# Maximum Voltage and Maximum Amps



## rreiffer (Jan 14, 2009)

Hello all,

I was wondering what the maximum voltage that should be presented to a large scale (read G) track (i.e. 24V) ?
Also, does any one have an idea on the maximum amps that should be presented to the same track?

The question stems from "should I invest in one massive power supply or in several small ones".

thanks

Rich


----------



## Treeman (Jan 6, 2008)

I would say 24V is about max for voltage. Amps depends on what you want to run, at any one time. A small LGB loco, requires only about 1 amp. A USA with more than one loco and lighted passenger cars could push 10 amps. The amp draw depends on the total load, and the ability of the power supply.


----------



## Pterosaur (May 6, 2008)

Depends on what you are running...Applying more than 18 VDC to any Lionel Large Scale Engine with sound will destroy the Lionel sound board (For example, Mode 1 on an MRC 60VA transformer). I've run up to 24 VDC on LGB, USA, REA-Aristo, and Bachmann with no issues other than they go faster. Lionel is not that common, just a "heads-up" if you run them.


----------



## Nicholas Savatgy (Dec 17, 2008)

If your using decoders and want max speed like i do the 27 volts is great other wise 24 for standard locos for the most part, as was said before amps depends on how mant engines and passenger cars with lights you wish to run. As ive said before try to buy the best power pack you can up front that way if you need more power down the road you have it. As ussual i reccomend a Bridgewerks TDR 25 The best unit on the market in my opionion, and i have just about all the power packs out their, so thats my preferance.


----------



## Torby (Jan 2, 2008)

Depends what you want to zorch!

Go with batteries and R/C


----------



## Greg Elmassian (Jan 3, 2008)

Of course Tom has his helpful post.









Boy if I was on a battery thread and said go track power people would go nuts. 

Back to the poster's question, what are you going to run, just ordinary track power on a single loop? Multiple loops under DC with separate throttles? 

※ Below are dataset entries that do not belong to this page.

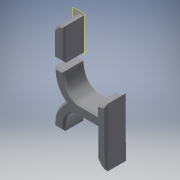
# Autodesk Inventor part: literak
Saved by Autodesk Inventor 2019 (Build 230136000, 136)
## iProperties
Created: 2020-10-14
Part Number: literak
Material: Ogólny
Document SubType Name: Modeling
Designer: Dawid
Density: 1 g/cm^3
Appearance: Domyślna
Author: Dawid
Autodesk Inventor part; units mm, degrees
ref_plane "YZ Plane" through (0, 0, 0) normal (1, 0, 0) x (0, 1, 0)
ref_plane "XZ Plane" through (0, 0, 0) normal (0, 1, 0) x (-1, 0, 0)
ref_plane "XY Plane" through (0, 0, 0) normal (0, 0, 1) x (1, 0, 0)
sketch "Szkic1" plane through (0, 0, 0) normal (0, 0, 1) x (1, 0, 0)
  line L0 (-1.7761, 3.0574) -> (3.9588, 3.0693)
  spline S0 degree 4 poles (-6.0129, 9.2984) (-6.0122, 8.8126) (-5.91, 7.8998) (-5.6765, 6.7488) (-5.0601, 5.4526) (-4.3689, 4.2263) (-3.1004, 3.6091) (-2.5574, 3.1452) (-1.7761, 3.0574) knots 0 0 0 0 0 0.302744 0.429487 0.556977 0.683363 1 1 1 1 1
  line L1 (-9.0161, 9.3008) -> (-6.0129, 9.2984)
  spline S1 degree 4 poles (-5.6394, 1.6539) (-6.2253, 2.0519) (-6.8441, 2.7086) (-7.5504, 3.6464) (-8.1909, 4.9461) (-8.6952, 6.3594) (-8.9286, 7.605) (-9.0078, 8.7103) (-9.0161, 9.3008) knots 0 0 0 0 0 0.30881 0.43146 0.555789 0.682893 1 1 1 1 1
  spline S2 degree 4 poles (-9.0159, -6.5073) (-8.9946, -5.9444) (-9.0506, -5.0193) (-8.8921, -3.8712) (-8.4467, -2.4724) (-7.779, -1.0175) (-6.9941, 0.1443) (-6.2441, 1.0282) (-5.6394, 1.6539) knots 0 0 0 0 0 0.292648 0.413818 0.537385 0.66449 1 1 1 1 1
  line L2 (-5.9717, -6.5073) -> (-9.0159, -6.5073)
  spline S3 degree 4 poles (-1.8711, -0.2267) (-2.4598, -0.2272) (-3.2295, -0.3454) (-4.0941, -0.7561) (-4.8987, -1.6476) (-5.5845, -2.8998) (-5.8796, -4.2669) (-5.9715, -5.5126) (-5.9717, -6.5073) knots 0 0 0 0 0 0.285173 0.397982 0.515184 0.640757 1 1 1 1 1
  line L3 (4.07, -0.2226) -> (-1.8711, -0.2267)
  line L4 (4.07, -8.0305) -> (4.07, -0.2226)
  spline S4 degree 4 poles (6.9436, -10.6857) (6.8295, -10.6721) (6.3962, -10.6081) (6.0064, -10.4424) (5.4067, -10.0768) (4.908, -9.5754) (4.4162, -8.9914) (4.0841, -8.4941) (4.07, -8.0305) knots 0 0 0 0 0 0.262174 0.383058 0.509233 0.642493 1 1 1 1 1
  line L5 (6.9176, 7.0884) -> (6.9436, -10.6857)
  spline S5 degree 4 poles (3.9588, 5.8479) (4.1949, 5.8112) (4.4622, 5.8281) (4.9879, 5.8903) (5.5271, 6.066) (6.0669, 6.3139) (6.4575, 6.6009) (6.7361, 6.8717) (6.9176, 7.0884) knots 0 0 0 0 0 0.298431 0.42419 0.551944 0.678948 1 1 1 1 1
  line L6 (3.9588, 3.0693) -> (3.9588, 5.8479)
  point P0 (-6.4798, 2.3682)
  point P1 (-7.1378, 3.1511)
  point P2 (-7.6971, 4.0062)
  point P3 (-8.1599, 4.9385)
  point P4 (-8.5262, 5.9545)
  point P5 (-8.7941, 7.0615)
  point P6 (-8.9593, 8.2671)
  point P7 (-5.9587, 8.4814)
  point P8 (-5.7853, 7.452)
  point P9 (-5.4824, 6.4248)
  point P10 (-5.0467, 5.4625)
  point P11 (-4.4781, 4.6134)
  point P12 (-3.6388, 3.9119)
  point P13 (-2.7914, 3.3839)
  point P14 (4.2948, 5.8276)
  point P15 (4.6657, 5.8611)
  point P16 (5.1126, 5.9452)
  point P17 (5.5268, 6.077)
  point P18 (5.9119, 6.2558)
  point P19 (6.2707, 6.4824)
  point P20 (6.6055, 6.7588)
  point P21 (-9.0067, -5.5778)
  point P22 (-8.9463, -4.5502)
  point P23 (-8.7553, -3.5291)
  point P24 (-8.4306, -2.5086)
  point P25 (-7.966, -1.4836)
  point P26 (-7.3529, -0.45)
  point P27 (-6.5812, 0.5953)
  point P28 (-2.8094, -0.3198)
  point P29 (-3.5995, -0.5864)
  point P30 (-4.2679, -1.0198)
  point P31 (-4.8324, -1.6312)
  point P32 (-5.2978, -2.4473)
  point P33 (-5.6559, -3.505)
  point P34 (-5.8884, -4.8449)
  point P35 (6.7095, -10.6489)
  point P36 (6.2916, -10.5393)
  point P37 (5.8825, -10.3549)
  point P38 (5.4493, -10.0776)
  point P39 (5.0766, -9.7357)
  point P40 (4.6764, -9.2819)
  point P41 (4.2779, -8.7172)
  constraints: 14 end point, 54 other
extrude "Wyciągnięcie proste1" add sketch "Szkic1" along normal blind 6
chamfer "Faza1" distance 0.5 angle 45 13 edges at (-5.0229, 5.4178, 6) (1.0913, 3.0634, 6) (5.5606, 6.0904, 6) (3.9588, 4.4586, 6) (6.9306, -1.7986, 6) (4.07, -4.1266, 6) (5.2764, -9.9329, 6) (1.0994, -0.2247, 6) (-5.0394, -1.9458, 6) (-7.4938, -6.5073, 6) (-8.3422, -2.287, 6) (-8.1867, 5.0024, 6) (-7.5145, 9.2996, 6)
ref_plane "Płaszczyzna konstrukcyjna1" through (-7.2971, 15.9284, 0) normal (0, 0, 1) x (1, 0, 0)
sketch "Szkic2" plane through (-7.2971, 15.9284, 0) normal (0, 0, 1) x (1, 0, 0)
  line L0 (1.302, -4.1378) -> (-1.5549, -4.1378)
  line L1 (1.302, 4.932) -> (1.302, -4.1378)
  spline S0 degree 4 poles (-1.5549, 2.5751) (-1.4537, 2.9011) (-1.2779, 3.3198) (-0.9845, 3.7877) (-0.5206, 4.2386) (0.0094, 4.6073) (0.5227, 4.8048) (0.9648, 4.8961) (1.302, 4.932) knots 0 0 0 0 0 0.318087 0.440079 0.560951 0.682796 1 1 1 1 1
  line L2 (-1.5549, -4.1378) -> (-1.5549, 2.5751)
  point P0 (7.2971, -15.9284)
  point P1 (-1.359, 3.0924)
  point P2 (-1.1188, 3.5353)
  point P3 (-0.8361, 3.9113)
  point P4 (-0.5104, 4.2267)
  point P5 (-0.1391, 4.4859)
  point P6 (0.2825, 4.6906)
  point P7 (0.7605, 4.8403)
  constraints: 6 end point, 9 other
extrude "Wyciągnięcie proste2" add sketch "Szkic2" along normal blind 6
chamfer "Faza2" distance 0.5 angle 45 4 edges at (-8.8521, 15.1471, 6) (-5.9952, 16.3255, 6) (-7.4236, 11.7906, 6) (-7.8092, 20.1537, 6)

Track powered command control? 

All of this should be considered in determining one large power supply versus several others. 

In my case, for example, I run DCC. It makes more sense to have several separate power districts and separate power supplies, so a short is not trying to put 30 amps through something. I will wind up with either 3 or 4 separate 10 amp power districts. 

If I was to make a general statement without additional knowledge, I would prefer smaller power supplies and more of them. You can get 10 amps at 24 volts regulated power for about $80 each, in a quality product. Search for no-name stuff and you can get it even less. 


Regards, Greg


----------



## rreiffer (Jan 14, 2009)

Greg, 
I was looking at going with the Aristocraft Revolution for my engines. I already have my loops broken up into logical areas (did it because when I started I was thinking good old cab control - plus I have about 400 feet of underground solid copper 12 guage wire!). I believe you answered my question that having several zones would be better off than one massive power supply. I have run across some 24V, 15A switching supplies for about $40 each so i was thinking about putting a couple of those on my track. 
Rich


----------



## Greg Elmassian (Jan 3, 2008)

Sounds good to me. Also, debugging power problems will be easier. 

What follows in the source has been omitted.